* GOAL OF THE EXERCISE: The lines below that include the word "Inport" are to be reported.

++++ THE DATA

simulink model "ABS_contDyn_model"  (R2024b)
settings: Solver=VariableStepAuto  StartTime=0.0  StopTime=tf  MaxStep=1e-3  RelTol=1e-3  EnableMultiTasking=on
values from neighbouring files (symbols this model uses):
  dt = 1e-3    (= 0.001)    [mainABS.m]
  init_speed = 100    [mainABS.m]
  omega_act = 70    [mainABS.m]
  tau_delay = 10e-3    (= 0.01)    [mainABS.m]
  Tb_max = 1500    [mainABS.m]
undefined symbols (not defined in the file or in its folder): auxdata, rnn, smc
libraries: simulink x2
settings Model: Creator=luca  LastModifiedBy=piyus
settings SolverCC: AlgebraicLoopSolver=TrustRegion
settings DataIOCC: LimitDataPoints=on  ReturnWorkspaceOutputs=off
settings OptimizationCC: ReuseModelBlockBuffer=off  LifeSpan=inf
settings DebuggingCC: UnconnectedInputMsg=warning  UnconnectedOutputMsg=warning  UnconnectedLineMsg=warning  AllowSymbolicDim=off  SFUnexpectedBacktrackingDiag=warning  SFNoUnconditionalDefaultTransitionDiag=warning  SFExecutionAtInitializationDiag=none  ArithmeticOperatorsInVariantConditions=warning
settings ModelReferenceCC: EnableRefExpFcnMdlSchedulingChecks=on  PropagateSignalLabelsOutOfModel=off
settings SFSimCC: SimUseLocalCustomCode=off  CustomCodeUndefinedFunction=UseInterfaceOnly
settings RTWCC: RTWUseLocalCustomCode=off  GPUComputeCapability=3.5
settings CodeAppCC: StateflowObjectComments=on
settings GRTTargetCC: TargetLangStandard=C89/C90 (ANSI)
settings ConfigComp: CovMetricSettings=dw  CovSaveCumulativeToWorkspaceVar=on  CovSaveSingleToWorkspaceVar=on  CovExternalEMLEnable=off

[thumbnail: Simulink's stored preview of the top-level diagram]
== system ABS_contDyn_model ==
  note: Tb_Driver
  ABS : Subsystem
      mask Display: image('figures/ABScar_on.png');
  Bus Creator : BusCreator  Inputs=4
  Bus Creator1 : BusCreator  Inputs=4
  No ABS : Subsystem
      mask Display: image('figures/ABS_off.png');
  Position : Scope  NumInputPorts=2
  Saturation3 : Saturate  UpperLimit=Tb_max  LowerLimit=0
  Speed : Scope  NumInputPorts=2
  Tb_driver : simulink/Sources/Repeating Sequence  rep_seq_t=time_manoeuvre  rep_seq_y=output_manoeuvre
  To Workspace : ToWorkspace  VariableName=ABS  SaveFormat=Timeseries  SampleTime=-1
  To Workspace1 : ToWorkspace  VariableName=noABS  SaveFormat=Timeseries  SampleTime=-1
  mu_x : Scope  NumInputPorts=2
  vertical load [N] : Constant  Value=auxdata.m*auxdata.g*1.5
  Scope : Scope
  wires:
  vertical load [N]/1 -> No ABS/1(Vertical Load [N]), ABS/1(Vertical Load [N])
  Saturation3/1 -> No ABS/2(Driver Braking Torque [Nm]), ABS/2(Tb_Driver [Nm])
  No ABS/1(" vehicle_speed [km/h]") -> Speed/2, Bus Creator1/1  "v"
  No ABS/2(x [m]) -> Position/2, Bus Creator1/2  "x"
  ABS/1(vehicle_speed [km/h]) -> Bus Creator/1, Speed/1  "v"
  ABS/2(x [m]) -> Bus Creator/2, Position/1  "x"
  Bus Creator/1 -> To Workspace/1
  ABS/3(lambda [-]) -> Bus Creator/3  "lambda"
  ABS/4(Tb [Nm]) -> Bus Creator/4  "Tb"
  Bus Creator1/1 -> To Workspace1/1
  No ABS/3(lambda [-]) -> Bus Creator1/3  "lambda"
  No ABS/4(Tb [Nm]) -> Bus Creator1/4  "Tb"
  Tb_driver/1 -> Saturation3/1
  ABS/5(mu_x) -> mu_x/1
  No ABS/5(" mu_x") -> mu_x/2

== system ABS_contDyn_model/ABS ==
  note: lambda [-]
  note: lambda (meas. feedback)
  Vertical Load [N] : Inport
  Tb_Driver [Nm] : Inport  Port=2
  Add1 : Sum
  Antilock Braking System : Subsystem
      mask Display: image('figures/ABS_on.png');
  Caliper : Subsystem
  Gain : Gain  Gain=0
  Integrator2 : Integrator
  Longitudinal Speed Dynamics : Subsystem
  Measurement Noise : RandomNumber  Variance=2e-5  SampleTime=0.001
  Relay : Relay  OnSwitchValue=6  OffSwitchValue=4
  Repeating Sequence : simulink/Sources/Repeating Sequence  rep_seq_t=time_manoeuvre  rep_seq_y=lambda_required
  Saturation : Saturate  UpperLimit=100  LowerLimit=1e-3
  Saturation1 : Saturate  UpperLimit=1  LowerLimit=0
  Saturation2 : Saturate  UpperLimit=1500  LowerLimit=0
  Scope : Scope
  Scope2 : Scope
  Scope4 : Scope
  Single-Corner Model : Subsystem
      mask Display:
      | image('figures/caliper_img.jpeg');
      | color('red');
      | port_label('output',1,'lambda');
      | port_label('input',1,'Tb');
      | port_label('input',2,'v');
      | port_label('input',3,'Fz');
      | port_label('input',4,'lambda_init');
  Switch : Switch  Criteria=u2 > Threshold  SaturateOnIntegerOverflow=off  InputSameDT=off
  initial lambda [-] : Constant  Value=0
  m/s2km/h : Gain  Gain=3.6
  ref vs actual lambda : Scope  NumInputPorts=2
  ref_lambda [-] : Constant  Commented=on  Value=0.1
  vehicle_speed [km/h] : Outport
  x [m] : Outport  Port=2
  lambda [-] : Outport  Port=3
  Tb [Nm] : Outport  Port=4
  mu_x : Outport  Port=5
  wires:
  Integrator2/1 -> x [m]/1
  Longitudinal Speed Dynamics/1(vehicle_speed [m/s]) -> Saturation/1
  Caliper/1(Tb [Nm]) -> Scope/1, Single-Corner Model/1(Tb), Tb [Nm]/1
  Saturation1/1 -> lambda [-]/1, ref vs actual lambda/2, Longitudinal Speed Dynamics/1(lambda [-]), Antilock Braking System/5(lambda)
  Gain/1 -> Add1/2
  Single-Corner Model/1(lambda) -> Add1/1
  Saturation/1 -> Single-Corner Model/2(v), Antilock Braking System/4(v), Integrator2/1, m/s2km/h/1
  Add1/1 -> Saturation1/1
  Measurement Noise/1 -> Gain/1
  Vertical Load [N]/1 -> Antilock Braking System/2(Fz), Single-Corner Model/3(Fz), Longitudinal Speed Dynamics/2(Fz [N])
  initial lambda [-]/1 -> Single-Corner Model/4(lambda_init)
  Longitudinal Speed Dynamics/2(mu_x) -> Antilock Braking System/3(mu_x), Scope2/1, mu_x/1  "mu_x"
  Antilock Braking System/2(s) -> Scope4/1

++++++++

* THE COMPLETED TASK:
  Vertical Load [N] : Inport
  Tb_Driver [Nm] : Inport  Port=2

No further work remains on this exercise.